The following diagram shows how Athena interacts with your external Hive metastore.


                How Athena interacts with your external Hive metastore.

In this workflow, your database-connected Hive metastore is inside your VPC. You use Hive Server2 to manage your Hive metastore using the Hive CLI.

The workflow for using external Hive metastores from Athena includes the following steps.

  1. You create a Lambda function that connects Athena to the Hive metastore that is inside your VPC.

  2. You register a unique catalog name for your Hive metastore and a corresponding function name in your account.

  3. When you run an Athena DML or DDL query that uses the catalog name, the Athena query engine calls the Lambda function name that you associated with the catalog name.

  4. Using AWS PrivateLink, the Lambda function communicates with the external Hive metastore in your VPC and receives responses to metadata requests. Athena uses the metadata from your external Hive metastore just like it uses the metadata from the default AWS Glue Data Catalog.

Considerations and Limitations

When you use Athena Data Connector for External Hive Metastore, consider the following points:

  • DDL support for external Hive metastore is limited to the following statements.

    • DESCRIBE TABLE

    • SHOW COLUMNS

    • SHOW TABLES

    • SHOW SCHEMAS

    • SHOW CREATE TABLE

    • SHOW TBLPROPERTIES

    • SHOW PARTITIONS

  • The maximum number of registered catalogs that you can have is 1,000.

  • You can use CTAS to create an AWS Glue table from a query on an external Hive metastore, but not to create a table on an external Hive metastore.

  • You can use INSERT INTO to insert data into an AWS Glue table from a query on an external Hive metastore, but not to insert data into an external Hive metastore.

  • Hive views are not compatible with Athena views and are not supported.

  • Kerberos authentication for Hive metastore is not supported.

  • To use the JDBC driver with an external Hive metastore or federated queries, include MetadataRetrievalMethod=ProxyAPI in your JDBC connection string.

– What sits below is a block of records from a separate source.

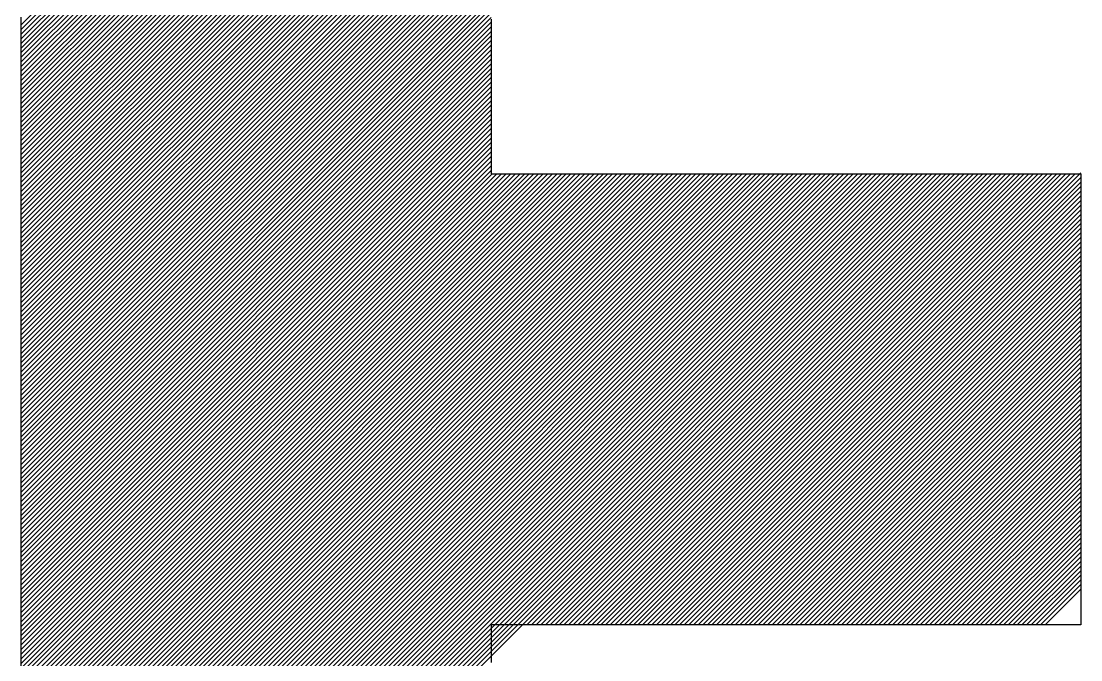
# Model space of a CAD drawing. Extents: x 3196 to 9141, y -1880 to 2325.
# Drawn here: x 8971.76 to 8987.96, y -1193.09 to -1183.33 of the extents above; entities that cross this region are included whole.
import ezdxf

# ---------------------------------------------------------------- set-up
doc = ezdxf.new("R2010")
doc.units = 0
doc.header["$MEASUREMENT"] = 0
doc.layers.add('1', color=1, linetype='CONTINUOUS')
doc.layers.add('10', color=10, linetype='CONTINUOUS')

msp = doc.modelspace()

# ---------------------------------------------------------------- linework, layer by layer
at = {"layer": '1', "linetype": 'Continuous'}
for p, q in [((8971.762268, -1187.979035), (8986.182068, -1173.559285)), ((8971.762268, -1187.908335), (8986.111368, -1173.559285)), ((8971.762268, -1187.837635), (8986.040618, -1173.559285)), ((8971.762268, -1187.766935), (8985.969918, -1173.559285)), ((8971.762268, -1187.696235), (8985.899218, -1173.559285)), ((8971.762268, -1187.625485), (8985.828518, -1173.559285)), ((8971.762268, -1187.554785), (8985.757768, -1173.559285)), ((8971.762268, -1187.484085), (8985.687068, -1173.559285)), ((8971.762268, -1187.413385), (8985.616368, -1173.559285)), ((8971.762268, -1187.342685), (8985.545668, -1173.559285)), ((8971.762268, -1187.271935), (8985.474968, -1173.559285)), ((8971.762268, -1187.201235), (8985.404218, -1173.559285)), ((8971.762268, -1187.130535), (8985.333518, -1173.559285)), ((8971.762268, -1187.059835), (8985.262818, -1173.559285)), ((8971.762268, -1186.989135), (8985.192118, -1173.559285)), ((8971.762268, -1186.918385), (8985.121418, -1173.559285)), ((8971.762268, -1186.847685), (8985.050668, -1173.559285)), ((8971.762268, -1186.776985), (8984.979968, -1173.559285)), ((8971.762268, -1186.706285), (8984.909268, -1173.559285)), ((8971.762268, -1186.635535), (8984.838568, -1173.559285)), ((8971.762268, -1186.564835), (8984.767818, -1173.559285)), ((8971.762268, -1186.494135), (8984.697118, -1173.559285)), ((8971.762268, -1186.423435), (8984.626418, -1173.559285)), ((8971.762268, -1186.352735), (8984.555718, -1173.559285)), ((8971.762268, -1186.281985), (8984.485018, -1173.559285)), ((8971.762268, -1186.211285), (8984.414268, -1173.559285)), ((8971.762268, -1186.140585), (8984.343568, -1173.559285)), ((8971.762268, -1186.069885), (8984.272868, -1173.559285)), ((8971.762268, -1185.999185), (8984.202168, -1173.559285)), ((8971.762268, -1185.928435), (8984.131468, -1173.559285)), ((8971.762268, -1185.857735), (8984.060718, -1173.559285)), ((8971.762268, -1185.787035), (8983.990018, -1173.559285)), ((8971.762268, -1185.716335), (8983.919318, -1173.559285)), ((8971.762268, -1185.645585), (8983.848618, -1173.559285)), ((8971.762268, -1185.574885), (8983.777868, -1173.559285)), ((8971.762268, -1185.504185), (8983.707168, -1173.559285)), ((8971.762268, -1185.433485), (8983.636468, -1173.559285)), ((8971.762268, -1185.362785), (8983.565768, -1173.559285)), ((8971.762268, -1185.292035), (8983.495068, -1173.559285)), ((8971.762268, -1185.221335), (8983.424318, -1173.559285)), ((8971.762268, -1185.150635), (8983.353618, -1173.559285)), ((8971.762268, -1185.079935), (8983.282918, -1173.559285)), ((8971.762268, -1185.009235), (8983.212218, -1173.559285)), ((8971.762268, -1184.938485), (8983.141518, -1173.559285)), ((8971.762268, -1184.867785), (8983.070768, -1173.559285)), ((8971.762268, -1184.797085), (8983.000068, -1173.559285)), ((8971.762268, -1184.726385), (8982.929368, -1173.559285)), ((8971.762268, -1184.655635), (8982.858668, -1173.559285)), ((8971.762268, -1184.584935), (8982.787968, -1173.559285)), ((8971.762268, -1184.514235), (8982.717218, -1173.559285)), ((8971.762268, -1184.443535), (8982.646518, -1173.559285)), ((8971.762268, -1184.372835), (8982.575818, -1173.559285)), ((8971.762268, -1184.302085), (8982.505118, -1173.559285)), ((8971.762268, -1184.231385), (8982.434368, -1173.559285)), ((8971.762268, -1184.160685), (8982.363668, -1173.559285)), ((8971.762268, -1184.089985), (8982.292968, -1173.559285)), ((8971.762268, -1184.019285), (8982.222268, -1173.559285)), ((8971.762268, -1183.948535), (8982.151568, -1173.559285)), ((8971.762268, -1183.877835), (8982.080818, -1173.559285)), ((8971.762268, -1183.807135), (8982.010118, -1173.559285)), ((8971.762268, -1183.736435), (8981.939418, -1173.559285)), ((8971.762268, -1183.665685), (8981.868718, -1173.559285)), ((8971.762268, -1183.594985), (8981.798018, -1173.559285)), ((8971.762268, -1183.524285), (8981.727268, -1173.559285)), ((8971.762268, -1183.453585), (8981.656568, -1173.559285)), ((8971.762268, -1183.382885), (8981.585868, -1173.559285)), ((8971.762268, -1188.049785), (8978.944268, -1180.867785)), ((8971.762268, -1188.120485), (8978.944318, -1180.938435)), ((8971.762268, -1188.191185), (8978.944418, -1181.009085)), ((8971.762268, -1188.261885), (8978.944468, -1181.079735)), ((8971.762268, -1188.332635), (8978.944518, -1181.150385)), ((8971.762268, -1188.403335), (8978.944618, -1181.221035)), ((8971.762268, -1188.474035), (8978.944668, -1181.291635)), ((8971.762268, -1188.544735), (8978.944718, -1181.362285)), ((8971.762268, -1188.615435), (8978.944818, -1181.432935)), ((8971.762268, -1188.686185), (8978.944868, -1181.503585)), ((8971.762268, -1188.756885), (8978.944918, -1181.574235)), ((8971.762268, -1188.827585), (8978.945018, -1181.644885)), ((8971.762268, -1188.898285), (8978.945068, -1181.715535)), ((8971.762268, -1188.968985), (8978.945118, -1181.786185)), ((8971.762268, -1189.039735), (8978.945218, -1181.856785)), ((8971.762268, -1189.110435), (8978.945268, -1181.927435)), ((8971.762268, -1189.181135), (8978.945318, -1181.998085)), ((8971.762268, -1189.251835), (8978.945418, -1182.068735)), ((8971.762268, -1189.322585), (8978.945468, -1182.139385)), ((8971.762268, -1189.393285), (8978.945518, -1182.210035)), ((8971.762268, -1189.463985), (8978.945618, -1182.280685)), ((8971.762268, -1189.534685), (8978.945668, -1182.351335)), ((8971.762268, -1189.605385), (8978.945718, -1182.421985)), ((8971.762268, -1189.676135), (8978.945818, -1182.492585)), ((8971.762268, -1189.746835), (8978.945868, -1182.563235)), ((8971.762268, -1189.817535), (8978.945918, -1182.633885)), ((8971.762268, -1189.888235), (8978.946018, -1182.704535)), ((8971.762268, -1189.958935), (8978.946068, -1182.775185)), ((8971.762268, -1190.029685), (8978.946118, -1182.845835)), ((8971.762268, -1190.100385), (8978.946218, -1182.916485)), ((8971.762268, -1190.171085), (8978.946268, -1182.987135)), ((8971.762268, -1190.241785), (8978.946318, -1183.057785)), ((8971.762268, -1190.312535), (8978.946418, -1183.128385)), ((8971.762268, -1190.383235), (8978.946468, -1183.199035)), ((8971.762268, -1190.453935), (8978.946518, -1183.269685)), ((8971.762268, -1190.524635), (8978.946618, -1183.340335)), ((8971.762268, -1190.595335), (8978.946668, -1183.410985)), ((8971.762268, -1190.666085), (8978.946718, -1183.481635)), ((8971.762268, -1190.736785), (8978.946818, -1183.552285)), ((8971.762268, -1190.807485), (8978.946868, -1183.622935)), ((8971.762268, -1190.878185), (8978.946918, -1183.693585)), ((8971.762268, -1190.948885), (8978.947018, -1183.764185)), ((8971.762268, -1191.019635), (8978.947068, -1183.834835)), ((8971.762268, -1191.090335), (8978.947118, -1183.905485)), ((8971.762268, -1191.161035), (8978.947218, -1183.976135)), ((8971.762268, -1191.231735), (8978.947268, -1184.046785)), ((8971.762268, -1191.302485), (8978.947318, -1184.117435)), ((8971.762268, -1191.373185), (8978.947418, -1184.188085)), ((8971.762268, -1191.443885), (8978.947468, -1184.258735)), ((8971.762268, -1191.514585), (8978.947518, -1184.329335)), ((8971.762268, -1191.585285), (8978.947568, -1184.399985)), ((8971.762268, -1191.656035), (8978.947668, -1184.470635)), ((8971.762268, -1191.726735), (8978.947718, -1184.541285)), ((8971.762268, -1191.797435), (8978.947768, -1184.611935)), ((8971.762268, -1191.868135), (8978.947868, -1184.682585)), ((8971.762268, -1191.938835), (8978.947918, -1184.753235)), ((8971.762268, -1192.009585), (8978.947968, -1184.823885)), ((8971.762268, -1192.080285), (8978.948068, -1184.894535)), ((8971.762268, -1192.150985), (8978.948118, -1184.965135)), ((8971.762268, -1192.221685), (8978.948168, -1185.035785)), ((8971.762268, -1192.292435), (8978.948268, -1185.106435)), ((8971.762268, -1192.363135), (8978.948318, -1185.177085)), ((8971.762268, -1192.433835), (8978.948368, -1185.247735)), ((8971.762268, -1192.504535), (8978.948468, -1185.318385)), ((8971.762268, -1192.575235), (8978.948518, -1185.389035)), ((8971.762268, -1192.645985), (8978.948568, -1185.459685)), ((8971.762268, -1192.716685), (8978.948668, -1185.530335)), ((8971.762268, -1192.787385), (8978.948718, -1185.600935)), ((8971.762268, -1200.211985), (8986.317018, -1185.657285)), ((8971.762268, -1200.141285), (8986.246318, -1185.657285)), ((8971.762268, -1200.070585), (8986.175568, -1185.657285)), ((8971.762268, -1199.999885), (8986.104868, -1185.657285)), ((8971.762268, -1199.929185), (8986.034168, -1185.657285)), ((8971.762268, -1199.858435), (8985.963468, -1185.657285)), ((8971.762268, -1199.787735), (8985.892718, -1185.657285)), ((8971.762268, -1199.717035), (8985.822018, -1185.657285)), ((8971.762268, -1199.646335), (8985.751318, -1185.657285)), ((8971.762268, -1199.575635), (8985.680618, -1185.657285)), ((8971.762268, -1199.504885), (8985.609918, -1185.657285)), ((8971.762268, -1199.434185), (8985.539168, -1185.657285)), ((8971.762268, -1199.363485), (8985.468468, -1185.657285)), ((8971.762268, -1199.292785), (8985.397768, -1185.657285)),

For information about the JDBC driver, see Using Athena with the JDBC Driver.

Permissions

Prebuilt and custom data connectors might require access to the following resources to function correctly. Check the information for the connector that you use to make sure that you have configured your VPC correctly. For information about required IAM permissions to run queries and create a data source connector in Athena, see Allow Access to an Athena Data Connector for External Hive Metastore and Allow Lambda Function Access to External Hive Metastores.

  • Amazon S3 – In addition to writing query results to the Athena query results location in Amazon S3, data connectors also write to a spill bucket in Amazon S3. Connectivity and permissions to this Amazon S3 location are required. For more information, see Spill Location in Amazon S3 later in this topic.

  • Athena – Access is required to check query status and prevent overscan.

  • AWS Glue – Access is required if your connector uses AWS Glue for supplemental or primary metadata.

  • AWS Key Management Service

  • Policies – Hive metastore, Athena Query Federation, and UDFs require policies in addition to the AmazonAthenaFullAccess Managed Policy. For more information, see Identity and Access Management in Athena.

Spill Location in Amazon S3

Because of the limit on Lambda function response sizes, responses larger than the threshold spill into an Amazon S3 location that you specify when you create your Lambda function. Athena reads these responses from Amazon S3 directly.

Note

Athena does not remove the response files on Amazon S3. We recommend that you set up a retention policy to delete response files automatically.